[Data extracted from a collection]
::::::

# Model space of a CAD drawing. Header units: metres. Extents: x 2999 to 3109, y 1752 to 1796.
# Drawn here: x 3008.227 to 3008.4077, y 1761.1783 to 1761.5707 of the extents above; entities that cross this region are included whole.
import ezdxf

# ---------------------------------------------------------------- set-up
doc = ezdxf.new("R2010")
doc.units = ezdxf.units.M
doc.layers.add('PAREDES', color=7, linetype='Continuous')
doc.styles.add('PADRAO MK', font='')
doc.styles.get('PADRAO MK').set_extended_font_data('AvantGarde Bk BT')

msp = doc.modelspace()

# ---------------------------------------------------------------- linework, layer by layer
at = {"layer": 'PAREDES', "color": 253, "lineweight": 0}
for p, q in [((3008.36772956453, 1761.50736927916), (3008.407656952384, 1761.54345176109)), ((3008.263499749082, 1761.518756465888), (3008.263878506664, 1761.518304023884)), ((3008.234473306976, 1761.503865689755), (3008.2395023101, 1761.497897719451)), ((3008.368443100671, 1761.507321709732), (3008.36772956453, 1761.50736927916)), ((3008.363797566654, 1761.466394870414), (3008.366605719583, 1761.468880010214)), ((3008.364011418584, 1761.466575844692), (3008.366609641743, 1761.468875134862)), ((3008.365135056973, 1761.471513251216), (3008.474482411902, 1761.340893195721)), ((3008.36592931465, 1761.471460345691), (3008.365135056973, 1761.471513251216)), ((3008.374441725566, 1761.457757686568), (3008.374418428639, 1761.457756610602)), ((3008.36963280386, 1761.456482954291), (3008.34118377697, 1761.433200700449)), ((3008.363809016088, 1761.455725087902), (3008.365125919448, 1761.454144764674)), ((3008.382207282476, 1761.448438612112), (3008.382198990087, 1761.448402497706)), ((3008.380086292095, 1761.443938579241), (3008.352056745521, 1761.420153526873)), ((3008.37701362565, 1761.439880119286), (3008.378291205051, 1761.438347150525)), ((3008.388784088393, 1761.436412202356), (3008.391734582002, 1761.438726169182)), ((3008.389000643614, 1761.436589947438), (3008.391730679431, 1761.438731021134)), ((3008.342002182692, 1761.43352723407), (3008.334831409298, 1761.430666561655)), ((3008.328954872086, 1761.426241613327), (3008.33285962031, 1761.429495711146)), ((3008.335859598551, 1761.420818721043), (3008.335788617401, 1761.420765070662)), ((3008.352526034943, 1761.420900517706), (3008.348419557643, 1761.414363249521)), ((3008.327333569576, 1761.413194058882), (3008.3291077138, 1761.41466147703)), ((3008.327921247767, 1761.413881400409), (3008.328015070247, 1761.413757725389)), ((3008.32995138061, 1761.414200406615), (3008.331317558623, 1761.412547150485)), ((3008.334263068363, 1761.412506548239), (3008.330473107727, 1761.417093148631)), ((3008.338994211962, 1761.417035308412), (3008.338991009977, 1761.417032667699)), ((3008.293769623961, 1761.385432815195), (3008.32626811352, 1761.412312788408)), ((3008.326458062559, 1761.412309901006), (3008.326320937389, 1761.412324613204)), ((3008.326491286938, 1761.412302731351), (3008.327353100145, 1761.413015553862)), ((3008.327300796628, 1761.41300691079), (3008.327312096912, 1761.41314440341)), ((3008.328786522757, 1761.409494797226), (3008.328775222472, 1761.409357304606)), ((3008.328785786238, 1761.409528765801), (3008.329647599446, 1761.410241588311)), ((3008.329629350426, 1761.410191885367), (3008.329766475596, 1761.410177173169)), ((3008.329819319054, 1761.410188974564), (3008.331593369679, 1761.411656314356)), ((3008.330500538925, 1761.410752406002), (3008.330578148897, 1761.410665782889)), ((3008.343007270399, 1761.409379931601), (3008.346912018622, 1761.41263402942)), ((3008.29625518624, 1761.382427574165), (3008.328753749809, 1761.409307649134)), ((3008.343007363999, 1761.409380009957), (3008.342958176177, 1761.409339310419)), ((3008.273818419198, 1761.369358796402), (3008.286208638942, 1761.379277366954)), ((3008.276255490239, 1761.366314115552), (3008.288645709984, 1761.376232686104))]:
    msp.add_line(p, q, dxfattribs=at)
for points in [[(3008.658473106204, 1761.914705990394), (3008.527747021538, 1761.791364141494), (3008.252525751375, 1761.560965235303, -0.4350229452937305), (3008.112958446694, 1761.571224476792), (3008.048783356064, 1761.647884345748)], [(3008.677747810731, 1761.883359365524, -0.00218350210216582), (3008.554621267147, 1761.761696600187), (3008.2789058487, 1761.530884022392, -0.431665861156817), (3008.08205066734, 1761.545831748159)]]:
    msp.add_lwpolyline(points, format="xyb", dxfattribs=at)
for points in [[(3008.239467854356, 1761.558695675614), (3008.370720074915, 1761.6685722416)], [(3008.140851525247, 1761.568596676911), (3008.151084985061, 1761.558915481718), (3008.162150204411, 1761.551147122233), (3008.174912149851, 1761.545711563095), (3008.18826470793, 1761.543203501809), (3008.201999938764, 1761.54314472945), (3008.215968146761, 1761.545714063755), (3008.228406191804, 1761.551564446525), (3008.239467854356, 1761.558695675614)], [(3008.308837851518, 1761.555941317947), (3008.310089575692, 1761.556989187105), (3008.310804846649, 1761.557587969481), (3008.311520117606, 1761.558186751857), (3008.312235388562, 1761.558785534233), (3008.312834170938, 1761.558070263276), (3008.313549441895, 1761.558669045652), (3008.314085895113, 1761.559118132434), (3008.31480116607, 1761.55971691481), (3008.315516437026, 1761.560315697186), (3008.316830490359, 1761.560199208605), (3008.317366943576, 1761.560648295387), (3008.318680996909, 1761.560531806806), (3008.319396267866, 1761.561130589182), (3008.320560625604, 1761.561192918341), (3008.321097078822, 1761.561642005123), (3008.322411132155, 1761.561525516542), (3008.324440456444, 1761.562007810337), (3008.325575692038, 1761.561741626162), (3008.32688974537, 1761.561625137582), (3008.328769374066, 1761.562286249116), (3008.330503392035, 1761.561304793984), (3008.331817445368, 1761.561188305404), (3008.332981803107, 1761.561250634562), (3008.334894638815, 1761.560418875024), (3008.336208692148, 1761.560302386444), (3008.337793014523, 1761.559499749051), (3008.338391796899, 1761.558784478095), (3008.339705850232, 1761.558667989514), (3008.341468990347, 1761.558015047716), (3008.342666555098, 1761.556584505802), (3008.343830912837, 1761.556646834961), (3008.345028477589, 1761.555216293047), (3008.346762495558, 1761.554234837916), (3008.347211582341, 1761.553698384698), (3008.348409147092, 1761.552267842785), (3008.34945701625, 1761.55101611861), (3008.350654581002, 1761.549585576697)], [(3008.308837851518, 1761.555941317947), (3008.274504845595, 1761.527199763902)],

::::::

**EXERCISE DETAILS**
Each line above that includes the word "color" is to be copied.

**RESPONSE TO THE TASK**
doc.layers.add('PAREDES', color=7, linetype='Continuous')
at = {"layer": 'PAREDES', "color": 253, "lineweight": 0}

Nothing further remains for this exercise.